Mine does not have a crazy wheel. After using this machine for a bit over a year, I would really like to build/buy one. 
$6500 if its in decent condition seems like a really good deal.


----------



## dtp (Jun 4, 2013)

I use a 610 with mast and crazy wheel. Can't beat it. That 743 would be just fine. Add a crazy wheel first and later a mast if desired.


----------



## MTN-Bees (Jan 27, 2014)

If your not really good with the mechanics of a skid steer, have a good mechanic look at it before purchasing it. When I purchased mine I missed a lot of little things that really added up in the long run. You can put counter weights on the back end to help with heavier loads. They are a pain to take on and off and do cause the machine to dig in more.


----------



## Crabo (Jan 17, 2012)

We have a 39 hp Mustang 39 E. It will not pick up a tote of syrup, it loads 2 pallets of doubles just fine. It will pick up 16 loaded honey supers, but not 20 on a single pallet.


----------



## jim lyon (Feb 19, 2006)

Generally lifting capacities are half of the tipping point. The variables being where the center of gravity is on the forks and whether the machine is level or on an incline facing up or down.
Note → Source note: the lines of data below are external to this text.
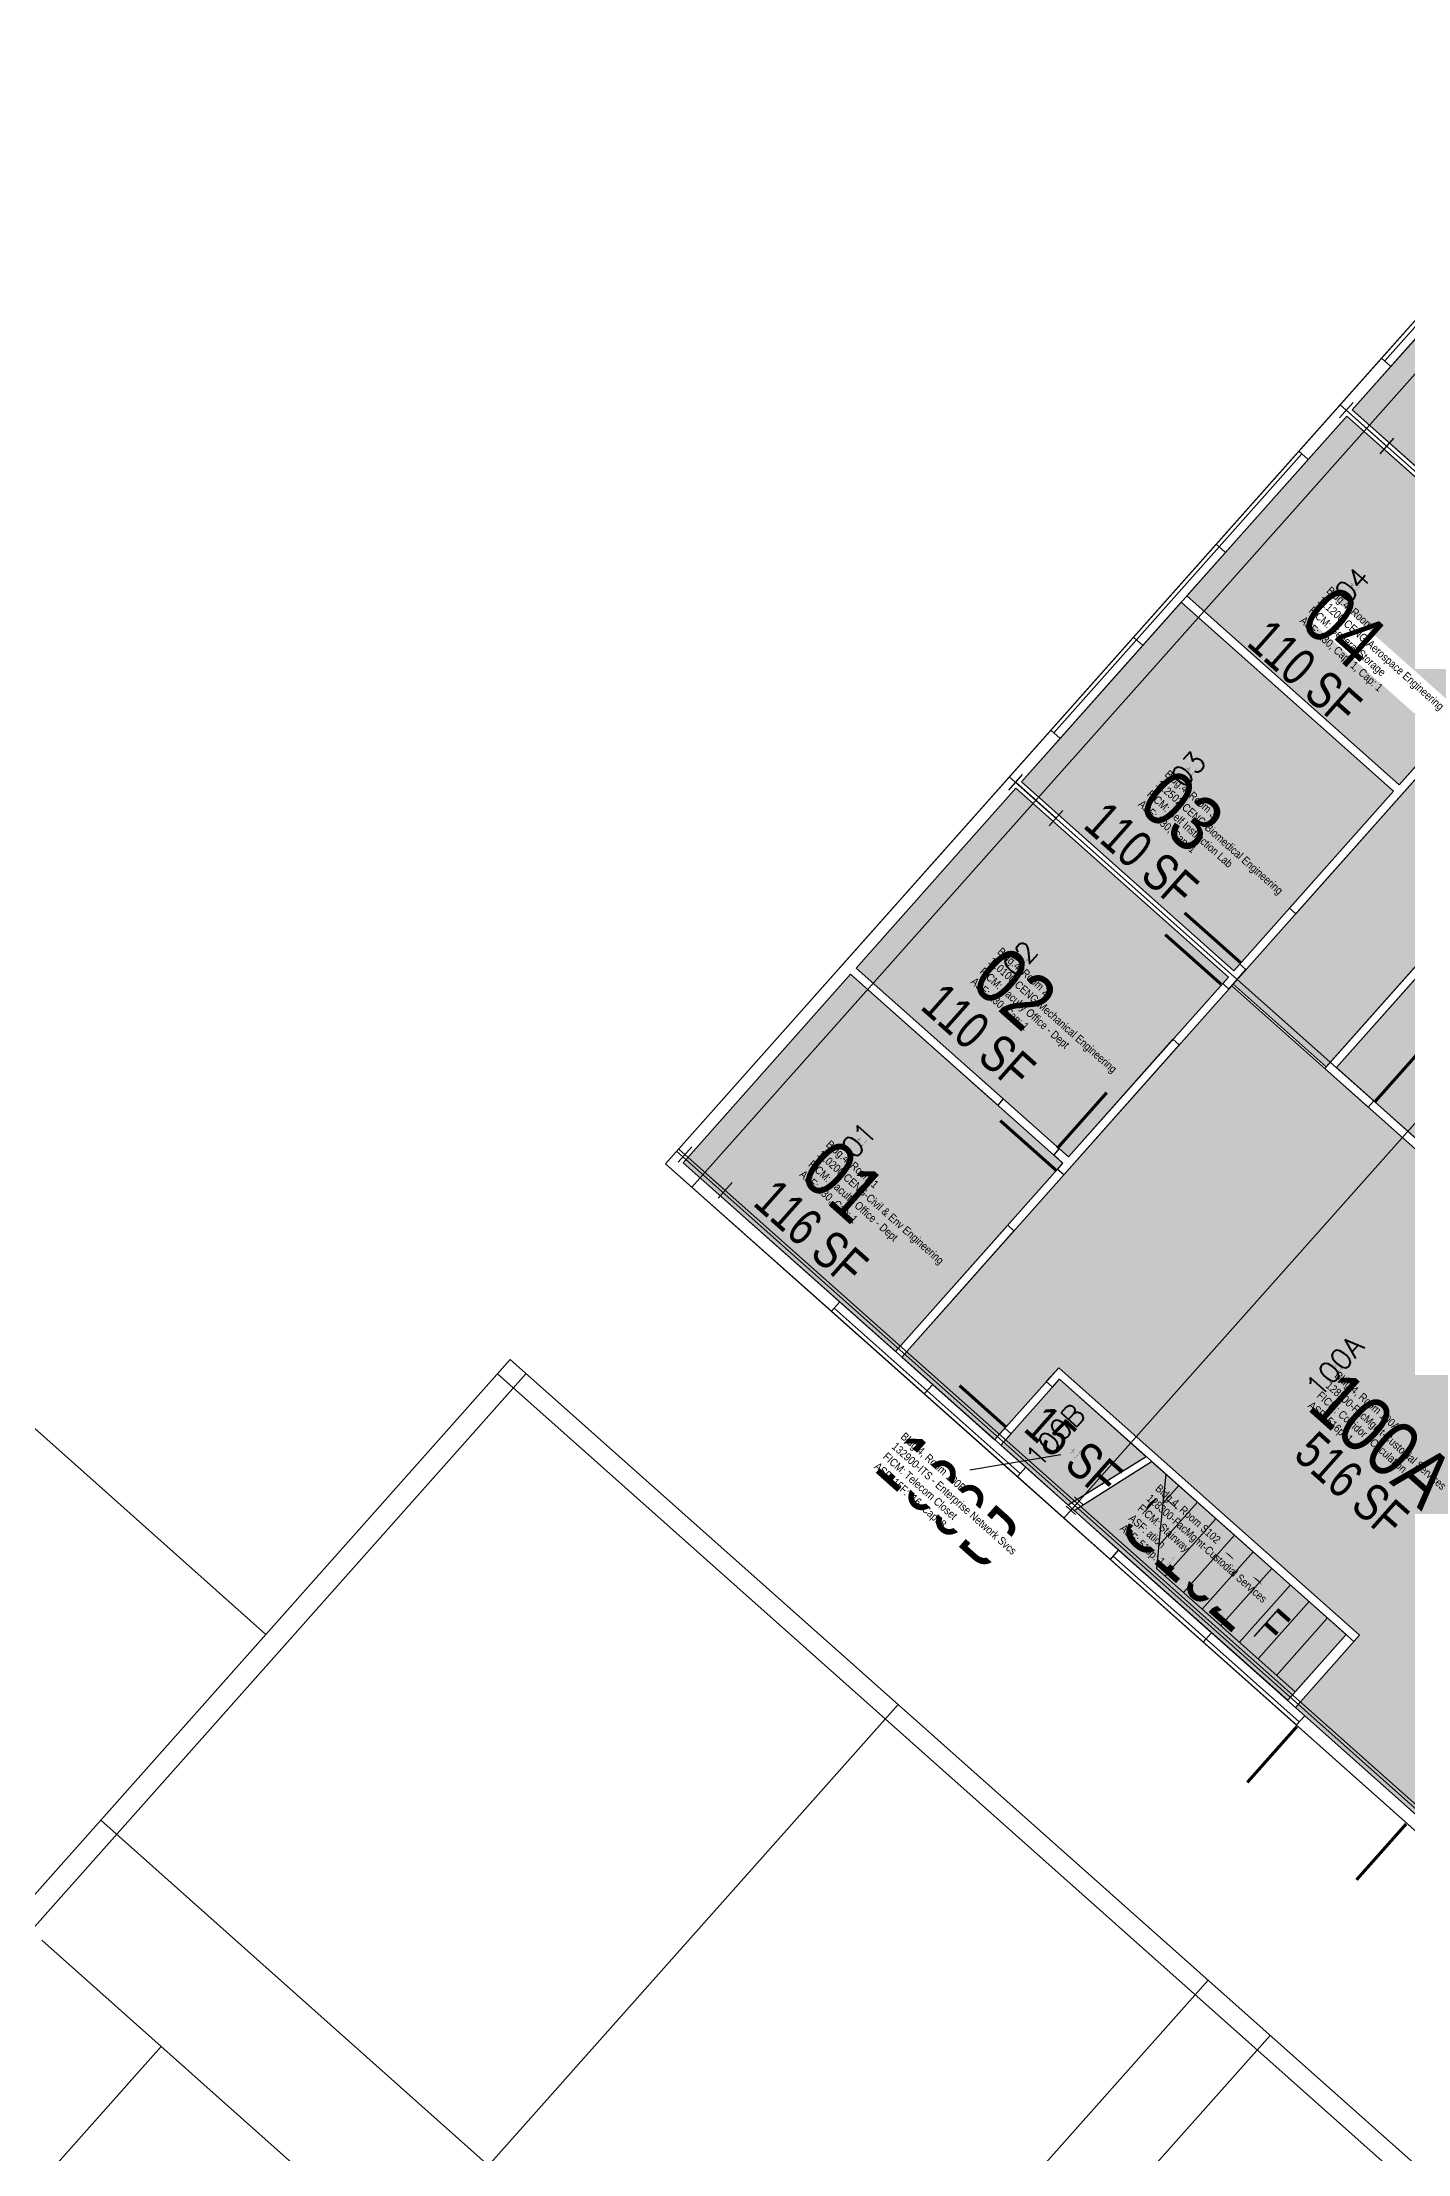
# Model space of a CAD drawing. Header units: inches. Extents: x 69197831 to 69201392, y 27694511 to 27697963.
# Drawn here: x 69199027 to 69199685, y 27696434 to 27697452 of the extents above; entities that cross this region are included whole.
import ezdxf
from ezdxf.enums import TextEntityAlignment as Align

# ---------------------------------------------------------------- set-up
doc = ezdxf.new("R2010")
doc.units = ezdxf.units.IN
doc.header["$LTSCALE"] = 10
doc.header["$MEASUREMENT"] = 0
doc.layers.get('0').update_dxf_attribs({"linetype": 'CONTINUOUS'})
for name, color, linetype in [('A-COLS', 5, 'CONTINUOUS'), ('A-DOOR', 2, 'CONTINUOUS'), ('A-FLOR', 3, 'CONTINUOUS'), ('A-GLAZ', 1, 'CONTINUOUS'), ('A-GRID', 1, 'CONTINUOUS'), ('A-IDEN-CNUM', 7, 'CONTINUOUS'), ('A-IDEN-FNUM', 1, 'CONTINUOUS'), ('A-IDEN-RNUM', 7, 'CONTINUOUS'), ('A-IDEN-SNUM', 4, 'CONTINUOUS'), ('A-IDEN-VNUM', 4, 'CONTINUOUS'), ('A-WALL', 5, 'CONTINUOUS'), ('AREA-ASSIGN', 7, 'CONTINUOUS'), ('AREA-GROSS', 1, 'CONTINUOUS'), ('AREA-TEXT', 3, 'CONTINUOUS'), ('Rooms-Category-Color', 7, 'CONTINUOUS'), ('Rooms-College-Color', 7, 'CONTINUOUS'), ('Rooms-Department-Color', 7, 'CONTINUOUS'), ('Rooms-Division-Color', 7, 'CONTINUOUS'), ('Rooms-Information', 7, 'CONTINUOUS')]:
    doc.layers.add(name, color=color, linetype=linetype)
doc.styles.add('CP_AREA', font='arial.ttf', dxfattribs={"height": 15})
doc.styles.add('CP_ROOMSNUMBER', font='arial.ttf', dxfattribs={"height": 1})
doc.styles.add('CP_ROOMVNUMBER', font='arial.ttf', dxfattribs={"width": 0.85, "height": 0.075})
doc.styles.add('ROOMFNUMBER', font='SIMPLEX', dxfattribs={"height": 0.833333})

# ---------------------------------------------------------------- blocks, each defined once
blk = doc.blocks.new('COLUMN')
for p, q in [((-0.5, -0.5), (-0.5, 0.5)), ((0.5, 0.5), (0.5, -0.5)), ((-0.5, 0), (0.5, 0))]:
    blk.add_line(p, q)

msp = doc.modelspace()

# ---------------------------------------------------------------- hatches: boundary and pattern name
at = {"layer": 'Rooms-Category-Color', "true_color": 0xfa9ba3}
for points in [[(69199760.7, 27697183.7), (69199658.3, 27697274.7), (69199735.4, 27697361.4), (69199837.8, 27697270.4)], [(69199518.8, 27696911.7), (69199438.1, 27696820.9), (69199335.7, 27696911.9), (69199416.5, 27697002.7)]]:
    msp.add_hatch(color=241, dxfattribs=at).paths.add_polyline_path(points)
at = {"layer": 'Rooms-Category-Color', "true_color": 0xe3c5e1}
msp.add_hatch(color=254, dxfattribs=at).paths.add_polyline_path([(69199681, 27697094), (69199578.6, 27697185.1), (69199655.7, 27697271.7), (69199758.1, 27697180.7)])
at = {"layer": 'Rooms-College-Color', "true_color": 0xadadad}
msp.add_hatch(color=253, dxfattribs=at).paths.add_polyline_path([(69199681, 27697094), (69199578.6, 27697185.1), (69199655.7, 27697271.7), (69199758.1, 27697180.7)])
at = {"layer": 'Rooms-Department-Color', "true_color": 0x99d7b2}
for points in [[(69199760.7, 27697183.7), (69199658.3, 27697274.7), (69199735.4, 27697361.4), (69199837.8, 27697270.4)], [(69199681, 27697094), (69199578.6, 27697185.1), (69199655.7, 27697271.7), (69199758.1, 27697180.7)], [(69199518.8, 27696911.7), (69199438.1, 27696820.9), (69199335.7, 27696911.9), (69199416.5, 27697002.7)]]:
    msp.add_hatch(color=253, dxfattribs=at).paths.add_polyline_path(points)
at = {"layer": 'Rooms-Division-Color', "true_color": 0x99d7b2}
for points in [[(69199760.7, 27697183.7), (69199658.3, 27697274.7), (69199735.4, 27697361.4), (69199837.8, 27697270.4)], [(69199681, 27697094), (69199578.6, 27697185.1), (69199655.7, 27697271.7), (69199758.1, 27697180.7)], [(69199518.8, 27696911.7), (69199438.1, 27696820.9), (69199335.7, 27696911.9), (69199416.5, 27697002.7)]]:
    msp.add_hatch(color=253, dxfattribs=at).paths.add_polyline_path(points)

# ---------------------------------------------------------------- linework, layer by layer
at = {"layer": 'A-DOOR', "elevation": 0}
for points in [[(69199595.1, 27696997.9, 1.5, 1.5, 0), (69199568.2, 27697021.8, 0, 0, 0), (69199567.7, 27697021.3, 0, 0, 0.414214), (69199572.8, 27696970.6, 0, 0, 0.414214)], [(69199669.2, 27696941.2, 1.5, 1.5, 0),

Additional counter balances are helpful to a point but too much can make them bouncy and almost undriveable on rough terrain when empty. 
If you get a good buy on it then go for it but my personal preference (and I've spent a lot of hours in a Bobcat) in an all purpose skid steer without a crazy wheel would be a New Holland as they have a lower center of gravity. We used a NH160 as our only machine for a number of years. It has given me 1,000 trouble free hours and is still almost worth the $20,000 I paid for it new.


----------